「高度専門職の在留資格で転職できますか?」
「転職したら在留資格を変更しなければいけませんか?」
「転職によって高度専門職のポイントが70点を下回ったらどうなりますか?」
「将来の永住申請に影響しますか?」
高度専門職の在留資格を持つ方から、転職についてこのようなご相談をいただくことがあります。
結論からいうと、高度専門職の在留資格を持つ方が転職すること自体は可能です。
ただし、通常の就労系在留資格とは異なり、高度専門職では、
- 転職先で行う活動
- 転職先の所属機関
- 高度専門職の活動区分
- 高度人材ポイント
- 年収
- 永住許可の優遇制度
などを慎重に確認する必要があります。
特に重要なのは、高度専門職1号は、許可された活動と所属機関との関係が重要な在留資格であるという点です。
転職後も同じ在留資格を維持できるのか、在留資格変更が必要なのかを、転職前に確認することが大切です。
この記事では、高度専門職で転職する場合の在留資格上の注意点や、ポイント・永住許可への影響について行政書士が解説します。
高度専門職のまま転職できる?
高度専門職の在留資格を持つ外国人が転職することは可能です。
しかし、転職後も自動的に現在の高度専門職の在留資格をそのまま使用できるとは限りません。

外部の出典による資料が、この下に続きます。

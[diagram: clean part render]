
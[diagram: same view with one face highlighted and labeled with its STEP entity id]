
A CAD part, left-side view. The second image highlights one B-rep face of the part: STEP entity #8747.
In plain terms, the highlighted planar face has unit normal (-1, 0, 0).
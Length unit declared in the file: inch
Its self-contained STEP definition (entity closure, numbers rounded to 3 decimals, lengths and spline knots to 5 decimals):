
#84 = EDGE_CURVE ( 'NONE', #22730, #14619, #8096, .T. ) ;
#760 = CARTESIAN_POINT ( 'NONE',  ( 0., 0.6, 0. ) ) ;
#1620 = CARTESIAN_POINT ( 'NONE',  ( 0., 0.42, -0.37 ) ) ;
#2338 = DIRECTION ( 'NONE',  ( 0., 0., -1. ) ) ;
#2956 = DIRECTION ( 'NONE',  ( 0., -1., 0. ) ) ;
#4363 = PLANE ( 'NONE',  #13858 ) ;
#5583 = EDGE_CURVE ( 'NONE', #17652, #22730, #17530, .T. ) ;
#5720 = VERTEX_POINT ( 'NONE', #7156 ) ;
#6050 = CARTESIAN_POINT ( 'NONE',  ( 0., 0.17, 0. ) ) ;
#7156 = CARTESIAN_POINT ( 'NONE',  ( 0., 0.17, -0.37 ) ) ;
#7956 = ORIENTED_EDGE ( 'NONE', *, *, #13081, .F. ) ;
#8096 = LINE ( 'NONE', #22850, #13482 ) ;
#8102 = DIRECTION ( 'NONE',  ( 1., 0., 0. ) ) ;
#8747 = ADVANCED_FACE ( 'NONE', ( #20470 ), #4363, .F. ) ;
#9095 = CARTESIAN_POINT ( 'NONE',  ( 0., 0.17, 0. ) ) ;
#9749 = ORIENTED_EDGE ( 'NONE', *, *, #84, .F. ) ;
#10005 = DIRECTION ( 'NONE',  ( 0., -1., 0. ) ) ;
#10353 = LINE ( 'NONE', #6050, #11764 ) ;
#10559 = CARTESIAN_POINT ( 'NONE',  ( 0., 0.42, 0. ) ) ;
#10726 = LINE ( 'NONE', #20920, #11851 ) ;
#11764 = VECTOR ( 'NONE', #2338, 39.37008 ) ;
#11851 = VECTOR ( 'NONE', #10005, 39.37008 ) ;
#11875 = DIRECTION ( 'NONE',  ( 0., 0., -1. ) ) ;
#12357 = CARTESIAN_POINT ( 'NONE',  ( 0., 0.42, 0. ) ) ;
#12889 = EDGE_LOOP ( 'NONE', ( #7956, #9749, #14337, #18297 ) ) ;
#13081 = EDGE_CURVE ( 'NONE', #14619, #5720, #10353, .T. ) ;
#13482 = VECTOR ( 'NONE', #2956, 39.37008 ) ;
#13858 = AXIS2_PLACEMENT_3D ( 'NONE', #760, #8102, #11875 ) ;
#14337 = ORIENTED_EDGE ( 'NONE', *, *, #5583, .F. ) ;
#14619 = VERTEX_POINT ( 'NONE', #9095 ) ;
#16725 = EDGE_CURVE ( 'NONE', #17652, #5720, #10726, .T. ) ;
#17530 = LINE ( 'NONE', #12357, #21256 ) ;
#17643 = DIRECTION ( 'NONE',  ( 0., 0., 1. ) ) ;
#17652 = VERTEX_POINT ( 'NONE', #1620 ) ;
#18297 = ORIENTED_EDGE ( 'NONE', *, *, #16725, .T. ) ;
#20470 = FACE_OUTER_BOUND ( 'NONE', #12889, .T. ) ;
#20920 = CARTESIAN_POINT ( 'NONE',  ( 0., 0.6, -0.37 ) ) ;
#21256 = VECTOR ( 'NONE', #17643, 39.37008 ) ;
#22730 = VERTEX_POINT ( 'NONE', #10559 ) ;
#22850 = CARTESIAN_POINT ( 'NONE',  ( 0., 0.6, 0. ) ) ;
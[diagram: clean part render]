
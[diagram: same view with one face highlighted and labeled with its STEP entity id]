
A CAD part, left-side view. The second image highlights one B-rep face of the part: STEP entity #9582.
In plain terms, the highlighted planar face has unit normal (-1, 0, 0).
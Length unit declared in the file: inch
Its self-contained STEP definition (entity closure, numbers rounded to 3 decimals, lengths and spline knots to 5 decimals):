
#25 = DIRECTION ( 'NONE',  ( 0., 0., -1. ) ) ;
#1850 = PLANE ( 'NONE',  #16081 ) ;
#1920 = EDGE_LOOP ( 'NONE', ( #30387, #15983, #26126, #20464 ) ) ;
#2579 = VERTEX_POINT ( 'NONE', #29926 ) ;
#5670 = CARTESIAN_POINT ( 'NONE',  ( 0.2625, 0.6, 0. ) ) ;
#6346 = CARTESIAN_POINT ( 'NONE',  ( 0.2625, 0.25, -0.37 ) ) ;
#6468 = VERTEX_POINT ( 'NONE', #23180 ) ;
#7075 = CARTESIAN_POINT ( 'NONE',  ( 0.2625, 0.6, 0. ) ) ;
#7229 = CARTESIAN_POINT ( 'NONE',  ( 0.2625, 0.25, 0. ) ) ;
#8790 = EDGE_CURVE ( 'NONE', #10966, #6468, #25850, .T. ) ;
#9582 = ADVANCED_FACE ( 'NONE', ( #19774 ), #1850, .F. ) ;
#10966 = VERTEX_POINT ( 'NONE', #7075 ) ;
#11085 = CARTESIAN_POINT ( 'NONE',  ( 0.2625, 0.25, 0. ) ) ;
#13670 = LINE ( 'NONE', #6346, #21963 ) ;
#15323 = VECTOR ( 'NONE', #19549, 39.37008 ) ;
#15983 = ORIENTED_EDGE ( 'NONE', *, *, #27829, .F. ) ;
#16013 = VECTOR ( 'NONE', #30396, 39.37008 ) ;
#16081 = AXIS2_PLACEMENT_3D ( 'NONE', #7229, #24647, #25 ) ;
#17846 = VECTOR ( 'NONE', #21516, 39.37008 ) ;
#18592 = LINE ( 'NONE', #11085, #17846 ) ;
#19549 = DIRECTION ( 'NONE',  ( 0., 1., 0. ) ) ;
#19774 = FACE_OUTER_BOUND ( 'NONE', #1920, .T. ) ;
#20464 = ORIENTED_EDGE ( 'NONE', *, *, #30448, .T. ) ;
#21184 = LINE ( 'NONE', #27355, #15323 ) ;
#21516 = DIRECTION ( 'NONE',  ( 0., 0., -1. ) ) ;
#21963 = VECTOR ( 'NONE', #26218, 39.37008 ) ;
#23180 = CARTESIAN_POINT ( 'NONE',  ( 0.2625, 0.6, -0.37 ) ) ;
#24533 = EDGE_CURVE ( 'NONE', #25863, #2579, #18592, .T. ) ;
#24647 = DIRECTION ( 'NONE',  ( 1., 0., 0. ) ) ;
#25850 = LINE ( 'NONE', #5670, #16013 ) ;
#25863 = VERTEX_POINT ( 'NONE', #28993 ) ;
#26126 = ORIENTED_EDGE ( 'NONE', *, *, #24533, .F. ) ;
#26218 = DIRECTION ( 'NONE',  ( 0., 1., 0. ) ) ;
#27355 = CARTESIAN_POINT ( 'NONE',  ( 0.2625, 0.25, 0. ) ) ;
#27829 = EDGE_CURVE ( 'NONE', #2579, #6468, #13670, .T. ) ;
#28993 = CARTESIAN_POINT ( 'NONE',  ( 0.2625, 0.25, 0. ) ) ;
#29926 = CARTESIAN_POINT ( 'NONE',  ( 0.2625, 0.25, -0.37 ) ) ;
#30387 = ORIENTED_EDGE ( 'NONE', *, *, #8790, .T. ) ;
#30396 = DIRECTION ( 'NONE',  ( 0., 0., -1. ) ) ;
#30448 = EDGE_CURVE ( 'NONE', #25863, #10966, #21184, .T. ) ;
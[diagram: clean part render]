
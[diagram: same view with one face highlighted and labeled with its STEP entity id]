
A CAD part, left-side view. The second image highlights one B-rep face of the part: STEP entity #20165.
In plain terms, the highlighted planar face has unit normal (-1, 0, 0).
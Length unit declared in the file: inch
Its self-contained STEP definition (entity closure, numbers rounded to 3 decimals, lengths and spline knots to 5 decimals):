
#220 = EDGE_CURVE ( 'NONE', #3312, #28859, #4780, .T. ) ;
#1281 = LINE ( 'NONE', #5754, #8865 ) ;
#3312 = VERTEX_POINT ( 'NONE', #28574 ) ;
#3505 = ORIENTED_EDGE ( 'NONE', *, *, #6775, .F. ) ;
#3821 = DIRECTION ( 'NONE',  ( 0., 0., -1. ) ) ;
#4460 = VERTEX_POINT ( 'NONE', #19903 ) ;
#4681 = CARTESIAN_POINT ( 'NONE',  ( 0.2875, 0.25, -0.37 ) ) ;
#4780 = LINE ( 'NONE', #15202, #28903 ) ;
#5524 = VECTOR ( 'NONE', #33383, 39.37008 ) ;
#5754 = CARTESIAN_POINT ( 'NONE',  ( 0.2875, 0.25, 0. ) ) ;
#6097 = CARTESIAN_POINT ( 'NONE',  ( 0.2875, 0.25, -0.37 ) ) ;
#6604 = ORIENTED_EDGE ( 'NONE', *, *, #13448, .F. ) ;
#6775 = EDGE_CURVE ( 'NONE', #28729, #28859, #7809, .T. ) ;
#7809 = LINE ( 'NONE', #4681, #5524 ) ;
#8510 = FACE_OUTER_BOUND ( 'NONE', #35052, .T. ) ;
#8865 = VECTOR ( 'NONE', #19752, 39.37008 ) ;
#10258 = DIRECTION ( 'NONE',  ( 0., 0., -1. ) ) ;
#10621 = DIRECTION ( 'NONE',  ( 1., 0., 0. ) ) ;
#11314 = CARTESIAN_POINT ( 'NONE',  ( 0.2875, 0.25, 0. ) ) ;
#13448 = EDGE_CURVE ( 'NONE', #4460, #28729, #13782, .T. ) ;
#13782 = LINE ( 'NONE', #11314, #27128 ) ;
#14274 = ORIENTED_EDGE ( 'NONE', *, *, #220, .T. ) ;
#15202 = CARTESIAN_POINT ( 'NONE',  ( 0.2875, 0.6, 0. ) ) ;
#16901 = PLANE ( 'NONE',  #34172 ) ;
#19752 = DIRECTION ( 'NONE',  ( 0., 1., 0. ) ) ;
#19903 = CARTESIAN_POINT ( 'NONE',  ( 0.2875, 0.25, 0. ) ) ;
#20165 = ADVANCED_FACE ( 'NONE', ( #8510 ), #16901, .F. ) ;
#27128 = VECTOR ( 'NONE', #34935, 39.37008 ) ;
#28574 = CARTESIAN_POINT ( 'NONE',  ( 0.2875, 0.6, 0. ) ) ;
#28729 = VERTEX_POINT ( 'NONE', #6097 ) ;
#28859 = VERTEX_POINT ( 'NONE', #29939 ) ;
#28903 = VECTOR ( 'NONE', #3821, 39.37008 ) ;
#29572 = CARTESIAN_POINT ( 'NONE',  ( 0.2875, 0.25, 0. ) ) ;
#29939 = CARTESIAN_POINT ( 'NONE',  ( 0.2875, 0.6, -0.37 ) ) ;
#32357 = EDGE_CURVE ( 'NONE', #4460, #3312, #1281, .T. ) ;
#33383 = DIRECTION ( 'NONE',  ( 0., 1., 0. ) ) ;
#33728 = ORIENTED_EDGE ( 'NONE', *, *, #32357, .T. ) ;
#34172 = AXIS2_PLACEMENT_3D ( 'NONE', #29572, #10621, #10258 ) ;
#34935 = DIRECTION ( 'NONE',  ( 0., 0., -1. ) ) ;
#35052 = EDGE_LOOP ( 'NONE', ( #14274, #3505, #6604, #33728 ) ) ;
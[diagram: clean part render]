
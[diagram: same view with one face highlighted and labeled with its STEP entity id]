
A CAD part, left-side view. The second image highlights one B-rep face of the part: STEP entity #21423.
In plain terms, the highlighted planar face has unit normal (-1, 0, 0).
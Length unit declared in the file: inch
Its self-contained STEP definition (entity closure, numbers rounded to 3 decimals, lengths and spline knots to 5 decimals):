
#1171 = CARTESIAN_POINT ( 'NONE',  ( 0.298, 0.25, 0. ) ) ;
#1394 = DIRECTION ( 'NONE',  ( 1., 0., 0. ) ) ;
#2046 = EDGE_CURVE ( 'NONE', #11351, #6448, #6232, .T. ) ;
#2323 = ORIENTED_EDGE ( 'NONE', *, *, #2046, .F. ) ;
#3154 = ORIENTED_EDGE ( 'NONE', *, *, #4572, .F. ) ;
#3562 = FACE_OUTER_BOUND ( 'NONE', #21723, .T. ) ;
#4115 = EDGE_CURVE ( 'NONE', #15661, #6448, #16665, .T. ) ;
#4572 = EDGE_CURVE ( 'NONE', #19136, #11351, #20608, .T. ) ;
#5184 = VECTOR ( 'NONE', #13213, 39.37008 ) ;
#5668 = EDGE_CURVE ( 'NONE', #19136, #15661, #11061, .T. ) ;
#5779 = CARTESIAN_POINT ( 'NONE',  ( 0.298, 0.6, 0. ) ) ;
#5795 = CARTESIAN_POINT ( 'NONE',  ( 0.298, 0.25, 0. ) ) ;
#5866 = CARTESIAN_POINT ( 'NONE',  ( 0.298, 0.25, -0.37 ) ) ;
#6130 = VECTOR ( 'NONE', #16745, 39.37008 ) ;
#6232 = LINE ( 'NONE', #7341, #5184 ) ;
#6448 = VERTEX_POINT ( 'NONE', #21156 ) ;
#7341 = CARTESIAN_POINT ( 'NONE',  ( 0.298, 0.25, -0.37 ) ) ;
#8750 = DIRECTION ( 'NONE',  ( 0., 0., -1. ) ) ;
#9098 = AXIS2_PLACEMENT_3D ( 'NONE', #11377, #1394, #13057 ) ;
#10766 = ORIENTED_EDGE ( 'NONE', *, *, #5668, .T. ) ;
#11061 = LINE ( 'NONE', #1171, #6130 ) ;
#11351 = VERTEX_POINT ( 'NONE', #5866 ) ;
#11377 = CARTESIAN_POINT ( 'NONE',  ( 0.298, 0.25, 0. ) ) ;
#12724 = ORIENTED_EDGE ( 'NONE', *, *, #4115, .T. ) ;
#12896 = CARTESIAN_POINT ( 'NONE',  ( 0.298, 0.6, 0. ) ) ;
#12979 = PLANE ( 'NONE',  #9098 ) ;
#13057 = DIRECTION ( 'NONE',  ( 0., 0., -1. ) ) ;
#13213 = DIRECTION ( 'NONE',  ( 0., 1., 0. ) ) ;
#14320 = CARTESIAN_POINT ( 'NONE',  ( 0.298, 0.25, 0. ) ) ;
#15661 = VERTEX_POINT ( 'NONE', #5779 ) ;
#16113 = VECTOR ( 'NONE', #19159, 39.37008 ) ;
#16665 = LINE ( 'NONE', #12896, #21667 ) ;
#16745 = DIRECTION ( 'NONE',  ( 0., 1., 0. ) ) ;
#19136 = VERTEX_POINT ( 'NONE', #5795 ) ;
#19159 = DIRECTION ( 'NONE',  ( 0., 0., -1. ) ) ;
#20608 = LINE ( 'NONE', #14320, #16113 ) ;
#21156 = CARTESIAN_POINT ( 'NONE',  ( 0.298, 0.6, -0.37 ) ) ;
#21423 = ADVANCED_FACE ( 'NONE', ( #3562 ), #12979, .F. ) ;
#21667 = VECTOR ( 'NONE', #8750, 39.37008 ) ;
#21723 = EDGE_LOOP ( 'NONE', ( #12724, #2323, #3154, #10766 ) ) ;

高度専門職1号では、許可された活動や所属機関との関係が重要となるため、転職後の状況によっては、
- 在留資格変更許可申請
- 所属機関に関する届出
- その他の入管手続
が必要となる場合があります。
そのため、転職を決めたら、まず次の点を確認する必要があります。
- 転職後の仕事内容
- 転職先の会社・機関
- 転職後の年収
- 転職後のポイント
- 現在の在留資格との関係
- 永住許可申請への影響
高度専門職で転職するときに最初に確認すること
1.転職後の仕事内容
まず確認すべきなのは、転職後にどのような仕事をするのかという点です。
例えば、高度専門職1号ロの場合、
- ITエンジニア
- システム開発
- 研究開発
- 技術職
- 経営企画
- マーケティング
- 専門的な知識を必要とする業務
などが考えられます。
しかし、職種名だけでは判断できません。
同じ「マーケティング担当」でも、実際の業務内容が大きく異なることがあります。
そのため、
- 具体的な業務内容
- 必要とされる専門知識
- 学歴との関連性
- 職歴との関連性
- 雇用契約の内容
を確認する必要があります。
高度専門職1号ロから転職する場合
高度専門職1号ロは、専門的な知識または技術を必要とする業務を行う活動を対象としています。
そのため、転職先の業務が引き続き高度専門職1号ロの活動に該当するかを確認する必要があります。
例えば、現在はITエンジニアとして働いている方が、転職後もITエンジニアとして働く場合には、活動内容の継続性を説明しやすいケースがあります。
一方で、
- 技術職から営業職へ転職する
- 研究職から単純な事務職へ転職する
- 専門職から資格を必要としない業務へ転職する
などの場合には、在留資格との関係を慎重に確認する必要があります。
転職後に在留資格変更許可申請が必要になることがある
高度専門職1号では、転職先の所属機関が重要となります。
そのため、転職先が変わった場合には、現在の在留資格のまま転職後の活動を行えるか確認する必要があります。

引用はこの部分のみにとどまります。